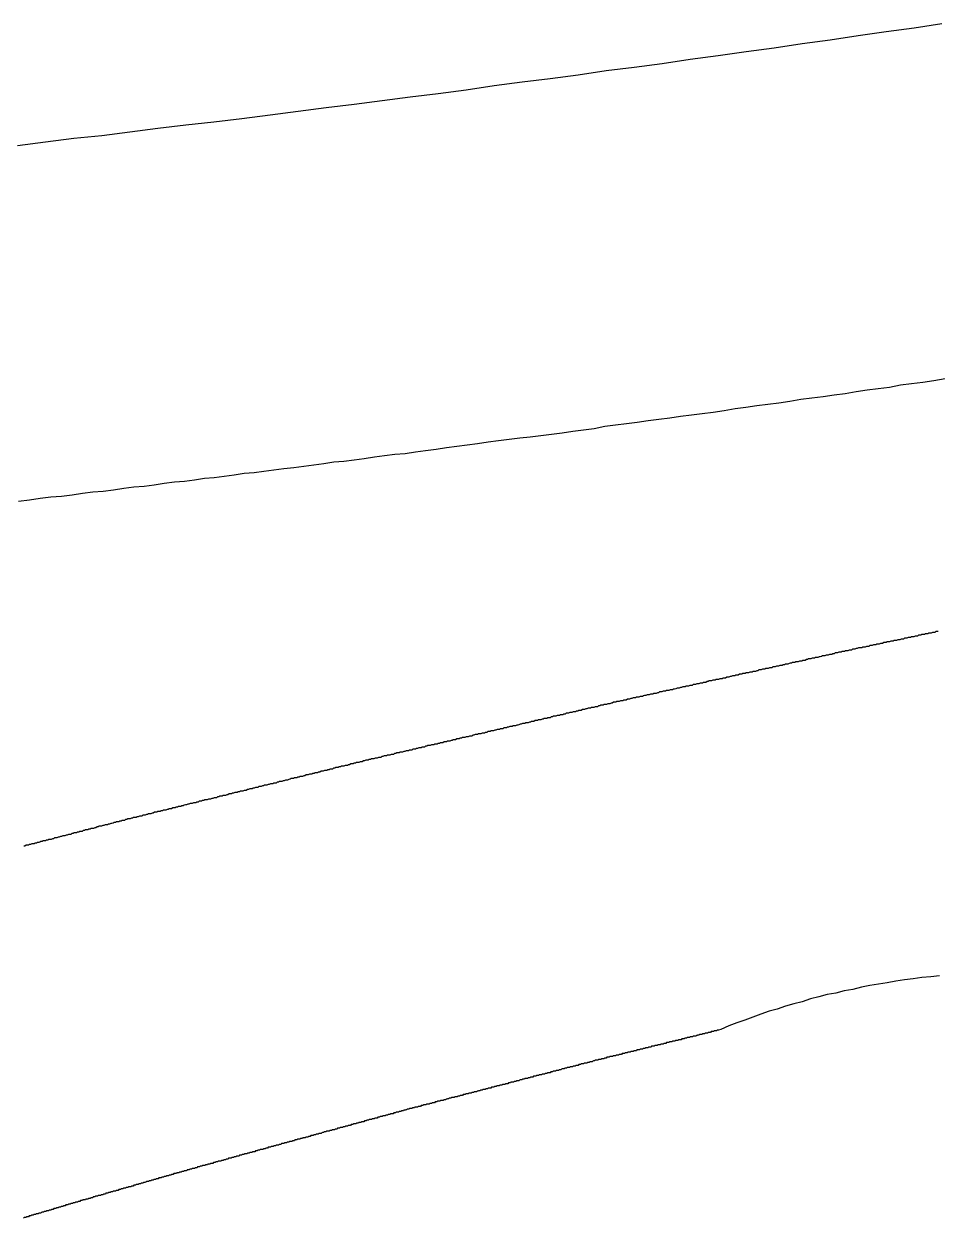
# Model space of a CAD drawing. Header units: millimetres. Extents: x 41 to 1041, y 1148 to 1248.
# Drawn here: x 104.22 to 117.04, y 1185.95 to 1202.71 of the extents above; entities that cross this region are included whole.
import ezdxf

# ---------------------------------------------------------------- set-up
doc = ezdxf.new("R2010")
doc.units = ezdxf.units.MM

msp = doc.modelspace()

# ---------------------------------------------------------------- linework, layer by layer
at = {"color": 3}
for points in [[(117.107, 1202.706, 0), (116.715, 1202.646, 0), (116.323, 1202.596, 0), (115.93, 1202.536, 0), (115.538, 1202.476, 0), (115.145, 1202.426, 0), (114.752, 1202.366, 0), (114.36, 1202.316, 0), (113.967, 1202.256, 0), (113.574, 1202.206, 0), (113.182, 1202.146, 0), (112.789, 1202.096, 0), (112.396, 1202.046, 0), (112.003, 1201.986, 0), (111.61, 1201.936, 0), (111.217, 1201.886, 0), (110.824, 1201.836, 0), (110.431, 1201.776, 0), (110.038, 1201.726, 0), (109.644, 1201.676, 0), (109.251, 1201.626, 0), (108.858, 1201.576, 0), (108.464, 1201.526, 0), (108.071, 1201.476, 0), (107.678, 1201.426, 0), (107.284, 1201.376, 0), (106.891, 1201.326, 0), (106.497, 1201.286, 0), (106.104, 1201.236, 0), (105.71, 1201.186, 0), (105.316, 1201.136, 0), (104.923, 1201.096, 0), (104.529, 1201.046, 0), (104.135, 1200.996, 0)], [(117.151, 1197.726, 0), (116.994, 1197.696, 0), (116.838, 1197.676, 0), (116.682, 1197.656, 0), (116.526, 1197.636, 0), (116.37, 1197.606, 0), (116.214, 1197.586, 0), (116.059, 1197.566, 0), (115.903, 1197.546, 0), (115.748, 1197.516, 0), (115.593, 1197.496, 0), (115.438, 1197.476, 0), (115.283, 1197.456, 0), (115.128, 1197.436, 0), (114.974, 1197.406, 0), (114.819, 1197.386, 0), (114.665, 1197.366, 0), (114.511, 1197.346, 0), (114.357, 1197.326, 0), (114.204, 1197.306, 0), (114.05, 1197.276, 0), (113.897, 1197.256, 0), (113.744, 1197.236, 0), (113.591, 1197.216, 0), (113.439, 1197.196, 0), (113.286, 1197.176, 0), (113.134, 1197.156, 0), (112.982, 1197.136, 0), (112.831, 1197.116, 0), (112.679, 1197.096, 0), (112.528, 1197.076, 0), (112.377, 1197.056, 0), (112.227, 1197.026, 0), (112.077, 1197.006, 0), (111.927, 1196.986, 0), (111.777, 1196.966, 0), (111.628, 1196.946, 0), (111.479, 1196.926, 0), (111.33, 1196.906, 0), (111.181, 1196.896, 0), (111.033, 1196.876, 0), (110.886, 1196.856, 0), (110.738, 1196.836, 0), (110.591, 1196.816, 0), (110.444, 1196.796, 0), (110.298, 1196.776, 0), (110.152, 1196.756, 0), (110.007, 1196.736, 0), (109.861, 1196.716, 0), (109.717, 1196.696, 0), (109.572, 1196.676, 0), (109.428, 1196.666, 0), (109.285, 1196.646, 0), (109.142, 1196.626, 0), (108.999, 1196.606, 0), (108.857, 1196.586, 0), (108.715, 1196.566, 0), (108.573, 1196.556, 0), (108.432, 1196.536, 0), (108.292, 1196.516, 0), (108.152, 1196.496, 0), (108.012, 1196.476, 0), (107.872, 1196.466, 0), (107.732, 1196.446, 0), (107.593, 1196.426, 0), (107.453, 1196.406, 0), (107.314, 1196.396, 0), (107.175, 1196.376, 0), (107.035, 1196.356, 0), (106.896, 1196.336, 0), (106.756, 1196.326, 0), (106.616, 1196.306, 0), (106.476, 1196.286, 0), (106.335, 1196.276, 0), (106.194, 1196.256, 0), (106.053, 1196.236, 0), (105.911, 1196.216, 0), (105.768, 1196.206, 0), (105.625, 1196.186, 0), (105.481, 1196.166, 0), (105.337, 1196.146, 0), (105.192, 1196.136, 0), (105.046, 1196.116, 0), (104.899, 1196.096, 0), (104.751, 1196.076, 0), (104.602, 1196.066, 0), (104.452, 1196.046, 0), (104.301, 1196.026, 0), (104.149, 1196.006, 0)], [(117.055, 1194.18, 0), (117.039, 1194.18, 0), (117.023, 1194.18, 0), (117.006, 1194.169, 0), (116.99, 1194.169, 0), (116.974, 1194.169, 0), (116.958, 1194.159, 0), (116.941, 1194.159, 0), (116.925, 1194.159, 0), (116.909, 1194.149, 0), (116.892, 1194.149, 0), (116.876, 1194.149, 0), (116.86, 1194.138, 0), (116.844, 1194.138, 0), (116.827, 1194.138, 0), (116.811, 1194.128, 0), (116.795, 1194.128, 0), (116.779, 1194.128, 0), (116.762, 1194.118, 0), (116.746, 1194.118, 0), (116.73, 1194.118, 0), (116.713, 1194.107, 0), (116.697, 1194.107, 0), (116.681, 1194.107, 0), (116.665, 1194.097, 0), (116.648, 1194.097, 0), (116.632, 1194.097, 0), (116.616, 1194.087, 0), (116.6, 1194.087, 0), (116.583, 1194.087, 0), (116.567, 1194.076, 0), (116.551, 1194.076, 0), (116.535, 1194.076, 0), (116.518, 1194.066, 0), (116.502, 1194.066, 0), (116.486, 1194.066, 0), (116.469, 1194.056, 0), (116.453, 1194.056, 0), (116.437, 1194.056, 0), (116.422, 1194.045, 0), (116.405, 1194.045, 0), (116.389, 1194.045, 0), (116.373, 1194.035, 0), (116.357, 1194.035, 0), (116.34, 1194.035, 0), (116.324, 1194.025, 0), (116.308, 1194.025, 0), (116.291, 1194.025, 0), (116.275, 1194.014, 0), (116.259, 1194.014, 0), (116.243, 1194.014, 0), (116.226, 1194.004, 0), (116.21, 1194.004, 0), (116.194, 1194.004, 0), (116.178, 1193.994, 0), (116.161, 1193.994, 0), (116.145, 1193.994, 0), (116.129, 1193.983, 0), (116.112, 1193.983, 0), (116.096, 1193.983, 0), (116.08, 1193.973, 0), (116.064, 1193.973, 0), (116.047, 1193.973, 0), (116.031, 1193.963, 0), (116.015, 1193.963, 0), (115.999, 1193.963, 0), (115.982, 1193.952, 0), (115.966, 1193.952, 0), (115.95, 1193.952, 0), (115.934, 1193.952, 0), (115.917, 1193.942, 0), (115.901, 1193.942, 0), (115.885, 1193.932, 0), (115.869, 1193.932, 0), (115.852, 1193.932, 0), (115.836, 1193.921, 0), (115.82, 1193.921, 0), (115.804, 1193.921, 0), (115.787, 1193.911, 0), (115.771, 1193.911, 0), (115.755, 1193.911, 0), (115.739, 1193.901, 0), (115.722, 1193.901, 0), (115.706, 1193.901, 0), (115.691, 1193.89, 0), (115.675, 1193.89, 0), (115.659, 1193.89, 0), (115.642, 1193.88, 0), (115.626, 1193.88, 0), (115.61, 1193.88, 0), (115.594, 1193.87, 0), (115.577, 1193.87, 0), (115.561, 1193.86, 0), (115.545, 1193.859, 0), (115.529, 1193.859, 0), (115.512, 1193.849, 0), (115.496, 1193.849, 0), (115.48, 1193.849, 0), (115.464, 1193.839, 0), (115.447, 1193.839, 0), (115.431, 1193.839, 0), (115.415, 1193.829, 0), (115.399, 1193.828, 0), (115.383, 1193.828, 0), (115.366, 1193.818, 0), (115.35, 1193.818, 0), (115.334, 1193.818, 0), (115.318, 1193.808, 0), (115.301, 1193.808, 0), (115.285, 1193.808, 0), (115.269, 1193.798, 0), (115.253, 1193.797, 0), (115.236, 1193.797, 0), (115.22, 1193.787, 0), (115.204, 1193.787, 0), (115.188, 1193.777, 0), (115.171, 1193.777, 0), (115.155, 1193.777, 0), (115.139, 1193.767, 0), (115.123, 1193.767, 0), (115.107, 1193.766, 0), (115.09, 1193.756, 0), (115.074, 1193.756, 0), (115.058, 1193.756, 0), (115.043, 1193.746, 0), (115.026, 1193.746, 0), (115.01, 1193.746, 0), (114.994, 1193.736, 0), (114.978, 1193.736, 0), (114.961, 1193.735, 0), (114.945, 1193.725, 0), (114.929, 1193.725, 0), (114.913, 1193.725, 0), (114.897, 1193.715, 0), (114.88, 1193.715, 0), (114.864, 1193.705, 0), (114.848, 1193.705, 0), (114.832, 1193.705, 0), (114.815, 1193.694, 0), (114.799, 1193.694, 0), (114.783, 1193.694, 0), (114.767, 1193.684, 0), (114.75, 1193.684, 0), (114.734, 1193.684, 0), (114.718, 1193.674, 0), (114.702, 1193.674, 0), (114.685, 1193.674, 0), (114.669, 1193.663, 0), (114.653, 1193.663, 0), (114.637, 1193.663, 0), (114.621, 1193.653, 0), (114.604, 1193.653, 0), (114.588, 1193.653, 0), (114.572, 1193.643, 0), (114.556, 1193.643, 0), (114.539, 1193.643, 0), (114.523, 1193.632, 0), (114.507, 1193.632, 0), (114.491, 1193.622, 0), (114.474, 1193.622, 0), (114.458, 1193.622, 0), (114.442, 1193.612, 0), (114.426, 1193.612, 0), (114.409, 1193.612, 0), (114.393, 1193.602, 0), (114.377, 1193.601, 0), (114.361, 1193.601, 0), (114.346, 1193.591, 0), (114.329, 1193.591, 0), (114.313, 1193.591, 0), (114.297, 1193.581, 0), (114.281, 1193.581, 0), (114.264, 1193.581, 0), (114.248, 1193.571, 0), (114.232, 1193.57, 0), (114.216, 1193.57, 0), (114.199, 1193.56, 0), (114.183, 1193.56, 0), (114.167, 1193.56, 0), (114.151, 1193.55, 0), (114.135, 1193.55, 0), (114.118, 1193.54, 0), (114.102, 1193.54, 0), (114.086, 1193.539, 0), (114.07, 1193.529, 0), (114.053, 1193.529, 0), (114.037, 1193.529, 0), (114.021, 1193.519, 0), (114.005, 1193.519, 0), (113.988, 1193.519, 0), (113.972, 1193.509, 0), (113.956, 1193.509, 0), (113.94, 1193.508, 0), (113.923, 1193.498, 0), (113.907, 1193.498, 0), (113.891, 1193.498, 0), (113.875, 1193.488, 0), (113.859, 1193.488, 0), (113.842, 1193.488, 0), (113.826, 1193.478, 0), (113.81, 1193.478, 0), (113.794, 1193.467, 0), (113.777, 1193.467, 0), (113.761, 1193.467, 0), (113.745, 1193.457, 0), (113.729, 1193.457, 0), (113.712, 1193.457, 0), (113.697, 1193.447, 0), (113.681, 1193.447, 0), (113.665, 1193.447, 0), (113.648, 1193.436, 0), (113.632, 1193.436, 0), (113.616, 1193.436, 0), (113.6, 1193.426, 0), (113.584, 1193.426, 0), (113.567, 1193.426, 0), (113.551, 1193.416, 0), (113.535, 1193.416, 0), (113.519, 1193.416, 0), (113.502, 1193.405, 0), (113.486, 1193.405, 0), (113.47, 1193.405, 0), (113.454, 1193.395, 0), (113.437, 1193.395, 0), (113.421, 1193.385, 0), (113.405, 1193.385, 0), (113.389, 1193.385, 0), (113.373, 1193.375, 0), (113.356, 1193.374, 0), (113.34, 1193.374, 0), (113.324, 1193.364, 0), (113.308, 1193.364, 0), (113.291, 1193.364, 0), (113.275, 1193.354, 0), (113.259, 1193.354, 0), (113.243, 1193.354, 0), (113.226, 1193.344, 0), (113.21, 1193.343, 0), (113.194, 1193.343, 0), (113.178, 1193.333, 0), (113.161, 1193.333, 0), (113.145, 1193.333, 0), (113.129, 1193.323, 0), (113.113, 1193.323, 0), (113.097, 1193.313, 0), (113.08, 1193.313, 0), (113.064, 1193.312, 0), (113.049, 1193.302, 0), (113.033, 1193.302, 0), (113.016, 1193.302, 0), (113, 1193.292, 0), (112.984, 1193.292, 0), (112.968, 1193.292, 0), (112.951, 1193.282, 0), (112.935, 1193.282, 0), (112.919, 1193.281, 0), (112.903, 1193.271, 0), (112.886, 1193.271, 0), (112.87, 1193.271, 0), (112.854, 1193.261, 0), (112.838, 1193.261, 0), (112.822, 1193.261, 0), (112.805, 1193.251, 0), (112.789, 1193.251, 0), (112.773, 1193.25, 0), (112.757, 1193.24, 0), (112.74, 1193.24, 0), (112.724, 1193.23, 0), (112.708, 1193.23, 0), (112.692, 1193.23, 0), (112.675, 1193.22, 0), (112.659, 1193.22, 0), (112.643, 1193.22, 0), (112.627, 1193.209, 0), (112.611, 1193.209, 0), (112.594, 1193.209, 0), (112.578, 1193.199, 0), (112.562, 1193.199, 0), (112.546, 1193.199, 0), (112.529, 1193.189, 0), (112.513, 1193.189, 0), (112.497, 1193.189, 0), (112.481, 1193.178, 0), (112.464, 1193.178, 0), (112.448, 1193.168, 0), (112.432, 1193.168, 0), (112.416, 1193.168, 0), (112.4, 1193.158, 0), (112.384, 1193.158, 0), (112.367, 1193.158, 0), (112.352, 1193.148, 0), (112.336, 1193.147, 0), (112.32, 1193.147, 0), (112.304, 1193.137, 0), (112.287, 1193.137, 0), (112.271, 1193.127, 0), (112.255, 1193.127, 0), (112.239, 1193.127, 0), (112.223, 1193.117, 0), (112.206, 1193.117, 0), (112.19, 1193.116, 0), (112.174, 1193.106, 0), (112.158, 1193.106, 0), (112.142, 1193.106, 0), (112.125, 1193.096, 0), (112.109, 1193.096, 0), (112.093, 1193.086, 0), (112.077, 1193.086, 0), (112.061, 1193.086, 0), (112.044, 1193.075, 0), (112.028, 1193.075, 0), (112.012, 1193.075, 0), (111.996, 1193.065, 0), (111.98, 1193.065, 0), (111.963, 1193.055, 0), (111.947, 1193.055, 0), (111.931, 1193.055, 0), (111.915, 1193.045, 0), (111.899, 1193.044, 0), (111.883, 1193.044, 0), (111.866, 1193.034, 0), (111.85, 1193.034, 0), (111.834, 1193.034, 0), (111.818, 1193.024, 0), (111.802, 1193.024, 0), (111.785, 1193.014, 0), (111.769, 1193.014, 0), (111.753, 1193.013, 0), (111.738, 1193.003, 0), (111.722, 1193.003, 0), (111.705, 1193.003, 0), (111.689, 1192.993, 0), (111.673, 1192.993, 0), (111.657, 1192.993, 0), (111.641, 1192.983, 0), (111.624, 1192.983, 0), (111.608, 1192.972, 0), (111.592, 1192.972, 0), (111.576, 1192.972, 0), (111.56, 1192.962, 0), (111.543, 1192.962, 0), (111.527, 1192.962, 0), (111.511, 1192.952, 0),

◆ **The problem**
Show the lines from the data above that contain the string "units".

◆ **Solution for this task**
# Model space of a CAD drawing. Header units: millimetres. Extents: x 41 to 1041, y 1148 to 1248.
doc.units = ezdxf.units.MM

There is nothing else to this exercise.